When you return the data, keep every line exactly as it is and leave out the pictures.

Records provided START

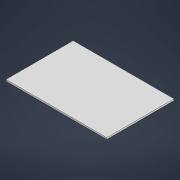
# Autodesk Inventor part: Base Plate
Saved by Autodesk Inventor 2022 (Build 260153000, 153)
## iProperties
Created: 2023-06-23
Part Number: Base Plate
Material: Generic
Document SubType Name: Modeling
Designer: Ryan Mitcham
Density: 1 g/cm^3
Appearance: Default
Author: Ryan Mitcham
Autodesk Inventor part; units mm, degrees
ref_plane "YZ Plane" through (0, 0, 0) normal (1, 0, 0) x (0, 1, 0)
ref_plane "XZ Plane" through (0, 0, 0) normal (0, 1, 0) x (-1, 0, 0)
ref_plane "XY Plane" through (0, 0, 0) normal (0, 0, 1) x (1, 0, 0)
sketch "Sketch1" plane through (0, 0, 0) normal (0, 1, 0) x (-1, 0, 0)
  line L0 (600, -400) -> (-600, -400)
  line L1 (-600, -400) -> (-600, 400)
  line L2 (-600, 400) -> (600, 400)
  line L3 (600, 400) -> (600, -400)
  point P0 (0, 0)
  point P1 (0, -400)
  point P2 (-600, 0)
  dimension "d0" = 1200
  dimension "d1" = 800
  constraints: 8 end point, 2 midpoint, 2 parallel, 1 horizontal, 1 horizontal alignment, 1 perpendicular, 1 vertical alignment
  measures "d0" distance of L0.start L0.end
  measures "d1" distance of L0.end L1.end
extrude "Extrusion1" add sketch "Sketch1" along normal blind 18
body "Solid1"
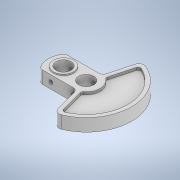
# Autodesk Inventor part: crankshaft counter weight
Saved by Autodesk Inventor 2020 (Build 240168000, 168)
## iProperties
Created: 2020-08-08
Part Number: crankshaft counter weight
Material: Generic
Document SubType Name: Modeling
Designer: benny
Density: 1 g/cm^3
Appearance: Default
Author: benny
Autodesk Inventor part; units mm, degrees
ref_plane "YZ Plane" through (0, 0, 0) normal (1, 0, 0) x (0, 1, 0)
ref_plane "XZ Plane" through (0, 0, 0) normal (0, 1, 0) x (-1, 0, 0)
ref_plane "XY Plane" through (0, 0, 0) normal (0, 0, 1) x (1, 0, 0)
sketch "Sketch2" plane through (0, 0, 0) normal (0, 1, 0) x (-1, 0, 0)
  arc A0 (-9.3175, 34.7733) -> (-9.3175, -34.7733) centre (0, 0) ccw
  line L0 (26.49, 10) -> (-2.6795, 10)
  line L1 (-30, 0) -> (-30, -10)
  line L2 (-2.6795, -10) -> (26.49, -10)
  line L3 (30, -10) -> (30, 0)
  line L4 (30, 10) -> (-30, -10) construction
  line L5 (-30, 10) -> (30, -10) construction
  line L6 (0, 0) -> (-9.3175, 34.7733)
  line L7 (0, 0) -> (48.0971, 0) construction
  line L8 (-12.4484, 0) -> (0, 0)
  line L9 (0, 0) -> (-13.0994, -48.8875)
  line L10 (0, 0) -> (50.6121, 0) construction
  arc A1 (-1.9863, 0.6621) -> (-1.9863, -0.6621) centre (14, 0) ccw
  arc A2 (26.49, -10) -> (26.49, 10) centre (14, 0) ccw
  dimension "d5" = 72
  dimension "d6" = 60
  dimension "d7" = 20
  dimension "d8" = 105
  dimension "d9" = 105
  constraints: 22 end point, 7 point on circle, 7 point on line, 3 centre point, 3 horizontal, 2 midpoint, 2 parallel, 1 coincident, 1 equal length, 1 perpendicular
  measures "d5" diameter of A0
  measures "d6" distance of L3.start L1.end
  measures "d7" distance of L1.end L5.start
  measures "d8" angle of L7 L6
  measures "d9" angle of L9 L10
extrude "Extrusion1" add sketch "Sketch2" along normal blind 10
fillet "Fillet1" radius 4 6 edges at (-26.49, 5, -10) (9.3175, 5, -34.7733) (2.6795, 5, -10) (2.6795, 5, 10) (-26.49, 5, 10) (9.3175, 5, 34.7733)
sketch "Sketch3" plane through (0, 10, 0) normal (0, 1, 0) x (1, 0, 0)
  line L0 (0, 0) -> (-18, 0)
  circle A0 centre (-18, 0) radius 8
  dimension "d14" = 18
  dimension "d15" = 16
  constraints: 2 end point, 1 centre point, 1 coincident, 1 horizontal
  measures "d14" distance of L0.start L0.end
  measures "d15" diameter of A0
extrude "Extrusion2" add sketch "Sketch3" along normal blind 1
sketch "Sketch4" plane through (-18, 11, 0) normal (0, 1, 0) x (1, 0, 0)
  circle A0 centre (0, 0) radius 6
  point P0 (18, 0)
  dimension "d18" = 12
  constraints: 1 centre point
  measures "d18" diameter of A0
extrude "Extrusion3" cut sketch "Sketch4" against normal blind 11
sketch "Sketch5" plane through (0, 0, 0) normal (0, -1, 0) x (1, 0, 0)
  circle A0 centre (0, 0) radius 8
  dimension "d21" = 16
  constraints: 1 centre point, 1 coincident
  measures "d21" diameter of A0
extrude "Extrusion4" add sketch "Sketch5" along normal blind 1
sketch "Sketch6" plane through (0, -1, 0) normal (0, -1, 0) x (1, 0, 0)
  circle A0 centre (0, 0) radius 6
  dimension "d24" = 12
  constraints: 1 centre point, 1 coincident
  measures "d24" diameter of A0
extrude "Extrusion5" cut sketch "Sketch6" against normal blind 11
sketch "Sketch7" plane through (0, 0, 0) normal (0, 0, 1) x (1, 0, 0)
  circle A0 centre (0, 5) radius 1.5
  point P0 (0, 0)
  dimension "d27" = 3
  constraints: 1 centre point
  measures "d27" diameter of A0
extrude "Extrusion6" cut sketch "Sketch7" along normal mid plane 21
sketch "Sketch8" plane through (0, 0, 0) normal (0, 0, 1) x (1, 0, 0)
  circle A0 centre (-18, 5) radius 1.5
  point P0 (0, 0)
  dimension "d30" = 3
  constraints: 1 centre point
  measures "d30" diameter of A0
extrude "Extrusion7" cut sketch "Sketch8" against normal mid plane 21
sketch "Sketch9" plane through (0, 10, 0) normal (0, 1, 0) x (1, 0, 0)
  arc A0 (11.4034, -30.9671) -> (11.4034, 30.9671) centre (0, 0) ccw
  line L0 (3.4739, -12.9647) -> (8.2172, -30.6672) projected
  line L1 (8.2172, 30.6672) -> (3.4739, 12.9647) projected
  arc A1 (5.6369, -9.4459) -> (5.6369, 9.4459) centre (0, 0) ccw
  line L2 (5.6369, 9.4459) -> (11.4034, 30.9671)
  line L3 (11.4034, -30.9671) -> (5.6369, -9.4459)
  line L4 (3.1058, 0) -> (1.7117, 5.2028)
  dimension "d33" = 66
  dimension "d38" = 22
  constraints: 6 end point, 4 point on circle, 3 parallel, 2 centre point, 2 coincident
  measures "d33" diameter of A0
  measures "d38" diameter of A1
extrude "Extrusion8" cut sketch "Sketch9" against normal blind 2
fillet "Fillet3" radius 2 4 edges at (11.4034, 9, 30.9671) (5.6369, 9, 9.4459) (5.6369, 9, -9.4459) (11.4034, 9, -30.9671)
body "Solid1"

Records provided END

* _Solution to this problem_
# Autodesk Inventor part: Base Plate
Saved by Autodesk Inventor 2022 (Build 260153000, 153)
## iProperties
Created: 2023-06-23
Part Number: Base Plate
Material: Generic
Document SubType Name: Modeling
Designer: Ryan Mitcham
Density: 1 g/cm^3
Appearance: Default
Author: Ryan Mitcham
Autodesk Inventor part; units mm, degrees
ref_plane "YZ Plane" through (0, 0, 0) normal (1, 0, 0) x (0, 1, 0)
ref_plane "XZ Plane" through (0, 0, 0) normal (0, 1, 0) x (-1, 0, 0)
ref_plane "XY Plane" through (0, 0, 0) normal (0, 0, 1) x (1, 0, 0)
sketch "Sketch1" plane through (0, 0, 0) normal (0, 1, 0) x (-1, 0, 0)
  line L0 (600, -400) -> (-600, -400)
  line L1 (-600, -400) -> (-600, 400)
  line L2 (-600, 400) -> (600, 400)
  line L3 (600, 400) -> (600, -400)
  point P0 (0, 0)
  point P1 (0, -400)
  point P2 (-600, 0)
  dimension "d0" = 1200
  dimension "d1" = 800
  constraints: 8 end point, 2 midpoint, 2 parallel, 1 horizontal, 1 horizontal alignment, 1 perpendicular, 1 vertical alignment
  measures "d0" distance of L0.start L0.end
  measures "d1" distance of L0.end L1.end
extrude "Extrusion1" add sketch "Sketch1" along normal blind 18
body "Solid1"
# Autodesk Inventor part: crankshaft counter weight
Saved by Autodesk Inventor 2020 (Build 240168000, 168)
## iProperties
Created: 2020-08-08
Part Number: crankshaft counter weight
Material: Generic
Document SubType Name: Modeling
Designer: benny
Density: 1 g/cm^3
Appearance: Default
Author: benny
Autodesk Inventor part; units mm, degrees
ref_plane "YZ Plane" through (0, 0, 0) normal (1, 0, 0) x (0, 1, 0)
ref_plane "XZ Plane" through (0, 0, 0) normal (0, 1, 0) x (-1, 0, 0)
ref_plane "XY Plane" through (0, 0, 0) normal (0, 0, 1) x (1, 0, 0)
sketch "Sketch2" plane through (0, 0, 0) normal (0, 1, 0) x (-1, 0, 0)
  arc A0 (-9.3175, 34.7733) -> (-9.3175, -34.7733) centre (0, 0) ccw
  line L0 (26.49, 10) -> (-2.6795, 10)
  line L1 (-30, 0) -> (-30, -10)
  line L2 (-2.6795, -10) -> (26.49, -10)
  line L3 (30, -10) -> (30, 0)
  line L4 (30, 10) -> (-30, -10) construction
  line L5 (-30, 10) -> (30, -10) construction
  line L6 (0, 0) -> (-9.3175, 34.7733)
  line L7 (0, 0) -> (48.0971, 0) construction
  line L8 (-12.4484, 0) -> (0, 0)
  line L9 (0, 0) -> (-13.0994, -48.8875)
  line L10 (0, 0) -> (50.6121, 0) construction
  arc A1 (-1.9863, 0.6621) -> (-1.9863, -0.6621) centre (14, 0) ccw
  arc A2 (26.49, -10) -> (26.49, 10) centre (14, 0) ccw
  dimension "d5" = 72
  dimension "d6" = 60
  dimension "d7" = 20
  dimension "d8" = 105
  dimension "d9" = 105
  constraints: 22 end point, 7 point on circle, 7 point on line, 3 centre point, 3 horizontal, 2 midpoint, 2 parallel, 1 coincident, 1 equal length, 1 perpendicular
  measures "d5" diameter of A0
  measures "d6" distance of L3.start L1.end
  measures "d7" distance of L1.end L5.start
  measures "d8" angle of L7 L6
  measures "d9" angle of L9 L10
extrude "Extrusion1" add sketch "Sketch2" along normal blind 10
fillet "Fillet1" radius 4 6 edges at (-26.49, 5, -10) (9.3175, 5, -34.7733) (2.6795, 5, -10) (2.6795, 5, 10) (-26.49, 5, 10) (9.3175, 5, 34.7733)
sketch "Sketch3" plane through (0, 10, 0) normal (0, 1, 0) x (1, 0, 0)
  line L0 (0, 0) -> (-18, 0)
  circle A0 centre (-18, 0) radius 8
  dimension "d14" = 18
  dimension "d15" = 16
  constraints: 2 end point, 1 centre point, 1 coincident, 1 horizontal
  measures "d14" distance of L0.start L0.end
  measures "d15" diameter of A0
extrude "Extrusion2" add sketch "Sketch3" along normal blind 1
sketch "Sketch4" plane through (-18, 11, 0) normal (0, 1, 0) x (1, 0, 0)
  circle A0 centre (0, 0) radius 6
  point P0 (18, 0)
  dimension "d18" = 12
  constraints: 1 centre point
  measures "d18" diameter of A0
extrude "Extrusion3" cut sketch "Sketch4" against normal blind 11
sketch "Sketch5" plane through (0, 0, 0) normal (0, -1, 0) x (1, 0, 0)
  circle A0 centre (0, 0) radius 8
  dimension "d21" = 16
  constraints: 1 centre point, 1 coincident
  measures "d21" diameter of A0
extrude "Extrusion4" add sketch "Sketch5" along normal blind 1
sketch "Sketch6" plane through (0, -1, 0) normal (0, -1, 0) x (1, 0, 0)
  circle A0 centre (0, 0) radius 6
  dimension "d24" = 12
  constraints: 1 centre point, 1 coincident
  measures "d24" diameter of A0
extrude "Extrusion5" cut sketch "Sketch6" against normal blind 11
sketch "Sketch7" plane through (0, 0, 0) normal (0, 0, 1) x (1, 0, 0)
  circle A0 centre (0, 5) radius 1.5
  point P0 (0, 0)
  dimension "d27" = 3
  constraints: 1 centre point
  measures "d27" diameter of A0
extrude "Extrusion6" cut sketch "Sketch7" along normal mid plane 21
sketch "Sketch8" plane through (0, 0, 0) normal (0, 0, 1) x (1, 0, 0)
  circle A0 centre (-18, 5) radius 1.5
  point P0 (0, 0)
  dimension "d30" = 3
  constraints: 1 centre point
  measures "d30" diameter of A0
extrude "Extrusion7" cut sketch "Sketch8" against normal mid plane 21
sketch "Sketch9" plane through (0, 10, 0) normal (0, 1, 0) x (1, 0, 0)
  arc A0 (11.4034, -30.9671) -> (11.4034, 30.9671) centre (0, 0) ccw
  line L0 (3.4739, -12.9647) -> (8.2172, -30.6672) projected
  line L1 (8.2172, 30.6672) -> (3.4739, 12.9647) projected
  arc A1 (5.6369, -9.4459) -> (5.6369, 9.4459) centre (0, 0) ccw
  line L2 (5.6369, 9.4459) -> (11.4034, 30.9671)
  line L3 (11.4034, -30.9671) -> (5.6369, -9.4459)
  line L4 (3.1058, 0) -> (1.7117, 5.2028)
  dimension "d33" = 66
  dimension "d38" = 22
  constraints: 6 end point, 4 point on circle, 3 parallel, 2 centre point, 2 coincident
  measures "d33" diameter of A0
  measures "d38" diameter of A1
extrude "Extrusion8" cut sketch "Sketch9" against normal blind 2
fillet "Fillet3" radius 2 4 edges at (11.4034, 9, 30.9671) (5.6369, 9, 9.4459) (5.6369, 9, -9.4459) (11.4034, 9, -30.9671)
body "Solid1"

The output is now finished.